By the way, if you do have any questions at all on this use case or if you need some prompt advice, I’ve got a huge collection of prompts for chat completions for this use case that I can help you with. I’ve spent a lot of time on this one!
Aside from adding extra items, the completions work exactly as I want (and they’re not on gpt anyway so not affected by the update I don’t think). Its just so frustrating when you think you’ve found the perfect phrasing to get it to do what you want and only what you want, you test it several times and its perfect every time, then the next day when you get back to work, it’s not working. Yesterday I sent 30 requests and only 2 came back with additional list items instead of the requested JSON. Today 24 requests and only 3 came back correct.
I was really excited when I read that the updated version would be paying stronger attention to the system message but so far its been disappointing
I agree with OP, it just isn’t usable and I’m starting to doubt it’ll ever be. GPT4 works for now, but it’s very expensive and I’m starting to believe that it will suffer the same fate as GPT3.5.
It doesn’t matter what settings or prompt you use, when you attempt to do anything remotely creative, it will NOT follow the prompt and output laughably verbose, empty and formal text instead. I’ve tried so many settings, so many prompts, it literally doesn’t matter, it’s like the model is hard-coded to follow the style that OAI has instructed it to follow, and it’s also much less intelligent, so it will not understand context, which is required when you’re using it to help with translations and writing like I am.
I actually felt that they had improved both the new turbo and the 16k models a couple of days ago and they worked better for a while, but today they’re back to exhibiting the exact same behavior they did on launch, that’s proof that the problem isn’t the prompts or the settings, it’s on OpenAI’s side.
I really want to love their service but it’s impossible for me now, we’re making steps back instead of forward.
I’m just doing a few tasks on GPT4 for now but the money adds up fast. I’m kind of gutted that we’re just supposed to accept an inferior model and that’s all there is.
I found that it takes more efford in prompting to get same results.
Maybe you need some external help.
That doesn’t explain why a prompt works perfectly one day and then not the next
Does it work right multiple times on one day and then no more on the next day?
Yes, hence my frustration. I tweak and test and think it’s perfect but when I come back to it some time later, it no longer functions as it did. Earlier in the week it was perfectly requesting suspect, means and motive for the “arrest warrant” function. Today, even though that prompt hasn’t been touched, its making up the function parameters instead of requesting them from the user. I’m even using the exact phrasing used in the cookbook examples
Also, as I’m running the game as a chat bot, once the AI makes a mistake, that enters the conversation context and it tends to repeat the mistake
and then you continue testing, or just stop?

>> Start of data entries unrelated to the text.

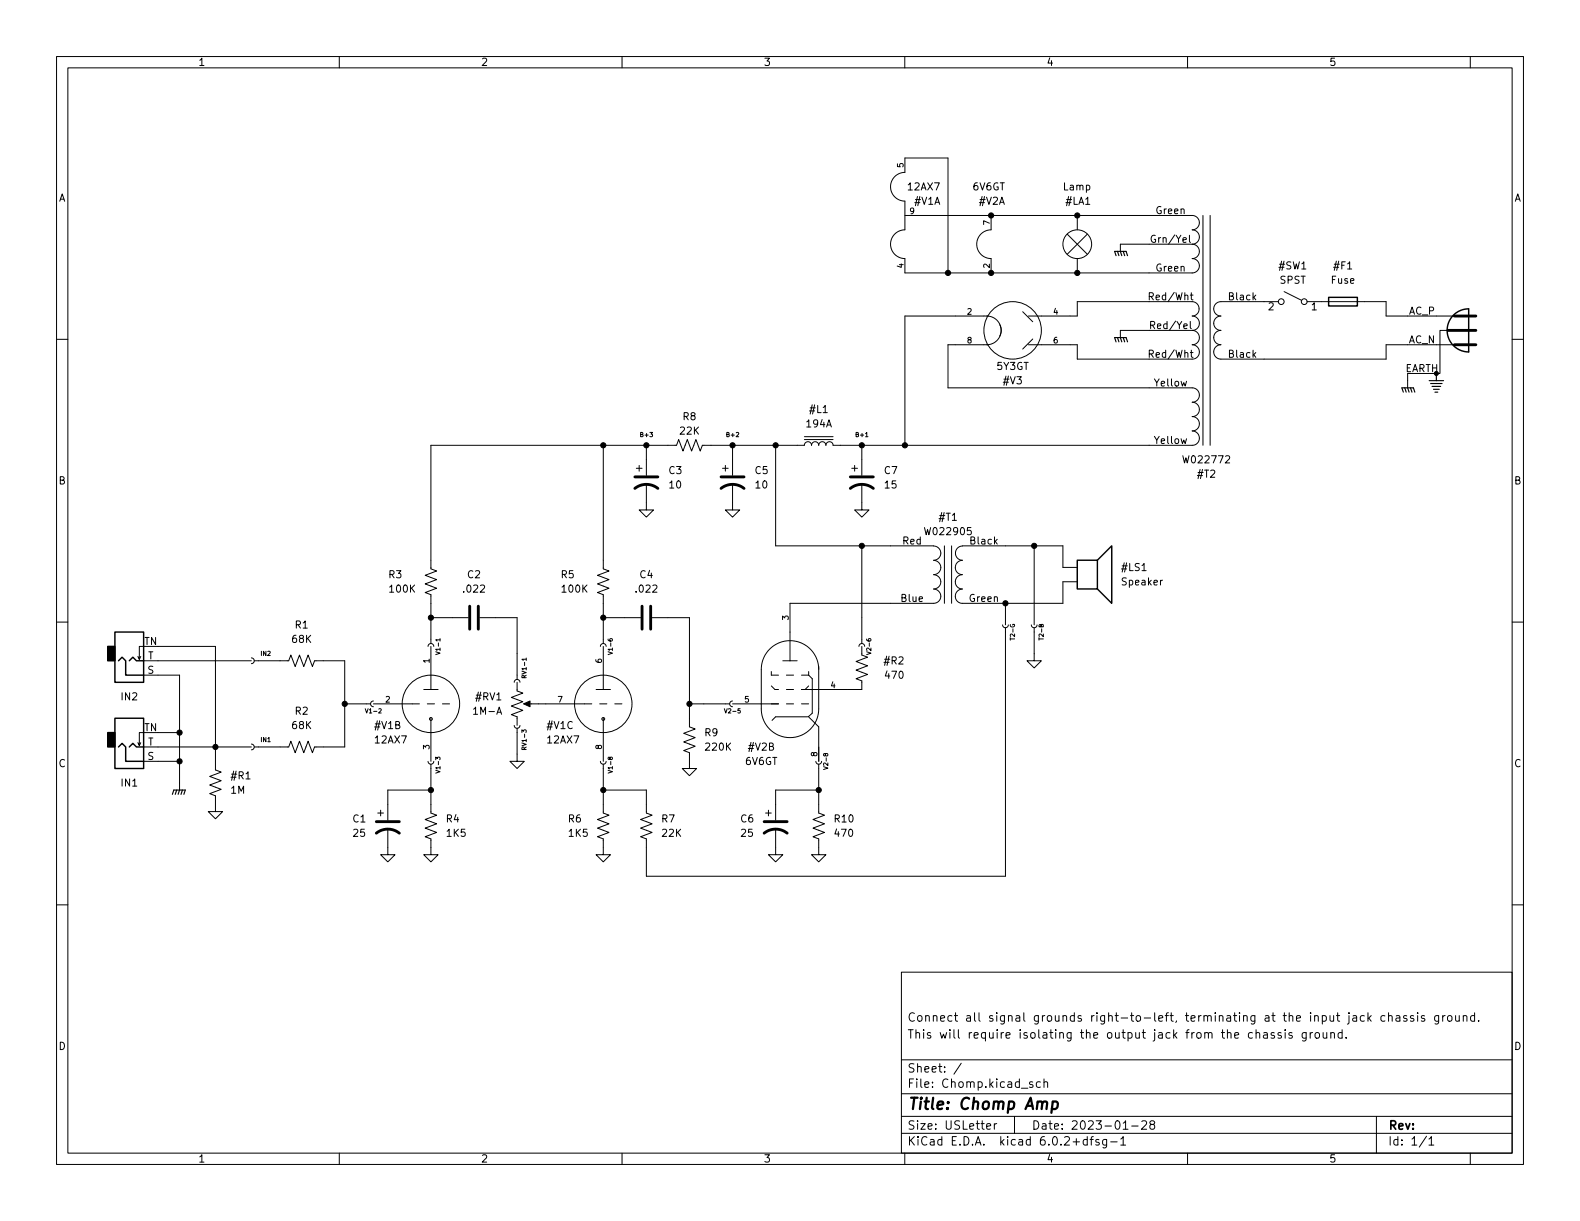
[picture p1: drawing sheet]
<svg xmlns="http://www.w3.org/2000/svg" width="279mm" height="216mm" viewBox="0 0 279 216" stroke-linecap="round" stroke-linejoin="round" font-family="sans-serif">
<g fill="none" stroke="#000" stroke-width=".18">
<path d="M10 10h259.4v195.9h-259.4zM12 12h255.4v191.9h-255.4zM60 10v2M110 10v2M160 10v2M210 10v2M260 10v2M160 38.1h50.8a1.27 1.27 0 0 1 1.3 1.3 1.27 1.27 0 0 1-1.3 1.2 1.27 1.27 0 0 1 1.3 1.3 1.27 1.27 0 0 1-1.3 1.3M175.3 38.1v2.5a2.54 2.54 0 0 0-2.6 2.6 2.54 2.54 0 0 0 2.6 2.5v2.6M190.5 38.1v2.5M212.7 38.1v40.6M214 38.1v40.6"/>
<path d="M10 60h2M174.5 55.9a2.54 2.54 0 0 1 2.5 2.5 2.54 2.54 0 0 1-2.5 2.6M174.8 55.9h-14.8v22.8M176.8 57.4l.3 1-.3 1M180.8 55.1l1.8 1.8M181.9 55.9h8.6v-2.6h20.3a1.27 1.27 0 0 1 1.2 1.3 1.27 1.27 0 0 1-1.2 1.3 1.27 1.27 0 0 1 1.3 1.2 1.27 1.27 0 0 1-1.3 1.3M182.6 59.9l-1.8 1.8M188.7 41.4l3.6 3.6M190.5 45.7v2.6M192.3 41.4l-3.6 3.6M210.3 41.6v1.1l.2 .2M210.5 56.8v1.1l.2 .2"/>
<path d="M210.5 52.2h.5M210.7 51.8v1l.3 .2M210.8 43.2h-12.7v1.3M210.8 58.4h-12.7v1.3M210.8 43.2a1.27 1.27 0 0 1 1.3 1.3 1.27 1.27 0 0 1-1.3 1.2 1.27 1.27 0 0 1 1.3 1.3 1.27 1.27 0 0 1-1.3 1.3h-50.8v-2.6a2.54 2.54 0 0 1-2.5-2.5 2.54 2.54 0 0 1 2.5-2.6v-5a2.54 2.54 0 0 1-2.5-2.6 2.54 2.54 0 0 1 2.5-2.5v-2.6h7.6v20.4M210.8 58.4a1.27 1.27 0 0 1 1.3 1.3 1.27 1.27 0 0 1-1.3 1.3 1.27 1.27 0 0 1 1.3 1.2 1.27 1.27 0 0 1-1.3 1.3h-20.3v-2.5h-8.6M226.1 53.3h-10.2a1.27 1.27 0 0 0-1.3 1.3 1.27 1.27 0 0 0 1.3 1.3 1.27 1.27 0 0 0-1.3 1.2 1.27 1.27 0 0 0 1.3 1.3 1.27 1.27 0 0 0-1.3 1.3 1.27 1.27 0 0 0 1.3 1.3 1.27 1.27 0 0 0-1.3 1.2 1.27 1.27 0 0 0 1.3 1.3h29.2v-2.5h12.1M227.1 51.6l3 1.5M231.1 53.3h14v2.6h12.1M261 58.4h-6.4v7.6h-5.7v2.6M267.4 60h2M106.7 78.7v21.9l1 .4-2 .7 2 .8-2 .8 2 .7-2 .8 1 .4v8.6"/>
<path d="M114.3 78.7v5.4M114.9 76.5h.5l-.3 .3h.3v.4h-.5M129.5 78.7v5.4M130.2 76.5h.3l.1 .2-.4 .5h.4M137.2 78.7v17.8h27.9M142.2 77.7h5.1M142.2 77.2h5.1M152.4 78.7v5.4M153.1 76.7l.2-.2v.7M153.1 77.2h.4M174.8 61h-7.2v7.6h43.2a1.27 1.27 0 0 1 1.3 1.3 1.27 1.27 0 0 1-1.3 1.2 1.27 1.27 0 0 1 1.3 1.3 1.27 1.27 0 0 1-1.3 1.3 1.27 1.27 0 0 1 1.3 1.2 1.27 1.27 0 0 1-1.3 1.3 1.27 1.27 0 0 1 1.3 1.3 1.27 1.27 0 0 1-1.3 1.2h-63.5a.64 .64 0 0 0-.6-.6 .64 .64 0 0 0-.7 .6 .64 .64 0 0 0-.6-.6 .64 .64 0 0 0-.6 .6 .64 .64 0 0 0-.7-.6 .64 .64 0 0 0-.6 .6 .64 .64 0 0 0-.6-.6 .64 .64 0 0 0-.7 .6h-18l-.4 1.1-.7-2.1-.8 2.1-.8-2.1-.7 2.1-.8-2.1-.4 1h-43.4v21.9l1 .4-2 .7 2 .8-2 .8 2 .7-2 .8 1 .4v8.6M210.5 62.3h.5"/>
<path d="M210.7 61.9v1.1l.3 .2M112.5 82.8h1M113 82.3v1M114.3 85.6v4.6h1.3l-1.3 1.2-1.3-1.2h1.3M127.8 82.8h1M128.3 82.3v1M129.5 85.6v4.6h1.3l-1.3 1.2-1.2-1.2h1.2M150.6 82.8h1M151.1 82.3v1M152.4 85.6v4.6h1.3l-1.3 1.2-1.3-1.2h1.3M152.4 96.5v17.3M165.1 96.5a1.26 1.26 0 0 1 1.3 1.3 1.26 1.26 0 0 1-1.3 1.3 1.27 1.27 0 0 1 1.3 1.2 1.27 1.27 0 0 1-1.3 1.3"/>
<path d="M167 96.5v10.2M168.3 96.5v10.2M170.2 99.1a1.26 1.26 0 0 0-1.3 1.2 1.26 1.26 0 0 0 1.3 1.3M170.2 96.5h17.8v3.8h2.5M170.2 96.5a1.26 1.26 0 0 0-1.2 1.3 1.26 1.26 0 0 0 1.2 1.3M182.9 96.5v14M10 110h2M24.9 116.1l-.3 .5M25.4 114.3h-.8v2.3l-.2-.5M25.4 119.4h6.3v20.3M25.4 116.8h19M27.9 114.3h10.2v21.8l1 .4-2 .8 2 .7-2 .8 2 .8-2 .7 1 .4v2.8h1.3l-1.3 1.3-1.3-1.3h1.3"/>
<path d="M44.5 116.3l.3 .2 .2 .3-.2 .4-.3 .1M45 116.8h6.1l.3-1 .8 2.1 .8-2.1 .7 2.1 .8-2.1 .7 2.1 .4-1.1h5.4v15.3h-5.4l-.4 1-.7-2-.8 2-.7-2-.8 2-.8-2-.3 1h-6.1M75.7 114.3l.1-.4 .4-.1 .4 .1 .1 .4M76.2 114.3v7.6M76.2 109.2h6.6M77.8 112.9v.5M84.8 109.2h6.6v10.9M93.1 116.4v.4M106.2 114.3l.1-.4 .4-.1 .3 .1 .2 .4M106.7 109.2h6.6M106.7 114.3v7.6M115.3 109.2h6.6v19.3l1 .4-2 .8 2 .7-2 .8 2 .8-2 .7 1 .4v2.8h1.3l-1.3 1.3-1.3-1.3h1.3"/>
<path d="M136.4 118.7v.7h1.3M138.4 116.8h2.6M139.1 119.4h1.2M141.7 119.4h1.3M143 119.4l.6 .6v6.1l-.6 .6 1.8 1.8v6.1M143 118.7v.7M144.8 118.4a5.1 5.1 0 0 0-5.1-5.1 5.1 5.1 0 0 0-5.1 5.1v6.9M144.8 117.9v7.4M151.9 114.3l.1-.4 .4-.1 .4 .1 .1 .4M152.4 114.3v1.5l1 .4-2 .8 2 .7-2 .8 2 .8-2 .7 1 .4v1.5h-10.7M165.1 101.6a1.26 1.26 0 0 1 1.3 1.3 1.26 1.26 0 0 1-1.3 1.2 1.27 1.27 0 0 1 1.3 1.3 1.27 1.27 0 0 1-1.3 1.3h-25.4v10.1M170.2 101.6a1.26 1.26 0 0 0-1.3 1.3 1.26 1.26 0 0 0 1.3 1.2 1.27 1.27 0 0 0-1.3 1.3 1.27 1.27 0 0 0 1.3 1.3h17.8v-3.8h2.5"/>
<path d="M177.3 110.5l.1 .3 .4 .2 .4-.2 .1-.3M177.8 111v43.9h-63.5v-6.6l-1-.3 2-.8-2-.8 2-.7-2-.8 2-.8-1-.3v-4.1h-7.6M177.8 106.7v3.8M182.4 110.5l.1 .3 .4 .2 .3-.2 .2-.3M182.9 111v5.8h1.2l-1.2 1.3-1.3-1.3h1.3M267.4 110h2M24.9 131.3l-.3 .5M25.4 129.5h-.8v2.3l-.2-.5M25.4 134.6h6.3M25.4 132.1h19M27.9 129.5h3.8M44.5 131.6l.3 .1 .2 .4-.2 .3-.3 .2"/>
<path d="M61 124.5h4.5M66 124l-.3 .1-.2 .4 .2 .3 .3 .2M66 124.5h8.2M74.9 121.9h2.6M75.6 124.5h1.2M75.7 134.6l.1 .4 .4 .1 .4-.1 .1-.4M76.2 135.1v8.7l1 .3-2 .8 2 .8-2 .7 2 .8-2 .8 1 .3v2.8h1.3l-1.3 1.3-1.3-1.3h1.3M76.2 127v7.6M76.2 139.7h-7.6v5.3M78.2 124.5h1.3M90.9 120.6l.2-.3 .3-.2 .4 .2 .1 .3M90.9 128.3l.2 .3 .3 .2 .4-.2 .1-.3"/>
<path d="M91.4 120.7v1.5l1.1 .4-2.1 .7 2.1 .8-2.1 .7 2.1 .8-2.1 .8 1 .3v1.6M91.4 128.8v5.8h1.3l-1.3 1.3-1.2-1.3h1.2M93 124.5h11.6M105.4 121.9h2.5M106 124.5h1.3M106.2 134.6l.1 .4 .4 .1 .3-.1 .2-.4M106.7 135.1v8.7l1 .3-2 .8 2 .8-2 .7 2 .8-2 .8 1 .3v2.8h1.2l-1.2 1.3-1.3-1.3h1.3M106.7 127v7.6M108.7 124.5h1.3M121.9 124.5h7.1M129.5 124l-.3 .1-.2 .4 .2 .3 .3 .2M129.5 124.5h8.2"/>
<path d="M134.6 125.4a5.1 5.1 0 0 0 5.1 5 5.1 5.1 0 0 0 5.1-5M136.4 121.3l.6 .6h.7M139.1 124.5h1.2M139.1 121.9h1.2M141.7 124.5h1.3M142.9 126.7h-5.7l-.7 .7M143 121.3l-.6 .6M144.3 134.6l.1 .4 .4 .1 .3-.1 .2-.4M144.8 135.1v8.7l1 .3-2 .8 2 .8-2 .7 2 .8-2 .8 1 .3v2.8h1.2l-1.2 1.3-1.3-1.3h1.3M144.8 139.7h-7.6v5.3M10 160h2M66.8 143.8h1"/>
<path d="M67.3 143.3v1M68.6 146.6v4.5h1.2l-1.2 1.3-1.3-1.3h1.3M135.4 143.8h1M135.9 143.3v1M137.2 146.6v4.5h1.2l-1.2 1.3-1.3-1.3h1.3M267.4 160h2M159.4 171.9h108v32h-108zM238.5 179.6v1.3l-.2 .2M238.5 179.1v.1M239.3 179.6h.5l.1 1M239.9 179.9l-.5 .1a.29 .29 0 0 0-.2 .3 .29 .29 0 0 0 .2 .3l.5-.1M241.3 179.6h-.5l-.3 .3v.4l.2 .2h.6"/>
<path d="M241.9 179.1v1.5M242.5 179.6l-.6 .6M244.9 179.6h-.4l-.3 .3v.4l.1 .2h.6M245.5 179.7l.3-.1h.3l.1 1M245.5 179.1v1.5M246.9 179.6h.6v1M247.5 179.9l-.5 .1a.29 .29 0 0 0-.2 .3 .29 .29 0 0 0 .2 .3l.5-.1M248.8 179.6h-.4l-.2 .2 .1 .2 .5 .2v.3h-.6M250 179.6h-.4l-.2 .2 .1 .2 .5 .2v.3h-.6M250.7 179.1v.1M250.7 179.6v1M251.9 179.6h-.4l-.2 .2 .1 .2 .5 .2v.3h-.6"/>
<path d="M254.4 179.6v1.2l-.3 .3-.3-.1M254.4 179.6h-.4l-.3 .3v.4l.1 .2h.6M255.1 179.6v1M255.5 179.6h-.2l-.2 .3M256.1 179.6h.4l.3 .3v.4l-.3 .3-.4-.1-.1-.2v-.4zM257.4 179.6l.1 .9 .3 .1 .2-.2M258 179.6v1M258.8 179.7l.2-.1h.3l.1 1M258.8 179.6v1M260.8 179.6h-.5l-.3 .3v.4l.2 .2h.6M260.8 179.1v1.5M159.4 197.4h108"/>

If you want consistency you need to set temperature. Do you mind to show your params?
Also if you could give an example prompt we could work on that.
Have you tried using Langchain? Sounds like you’re just trying to do all this natively and that’s a big complicated project.
That problem can be solved with conversation management between the chatbot and the gpt api, if you have that option. alphawave-py / promptrix-py has a ‘repair’ mechanism and conversation management that removes bad replies from the conversation history. Might not apply to your case.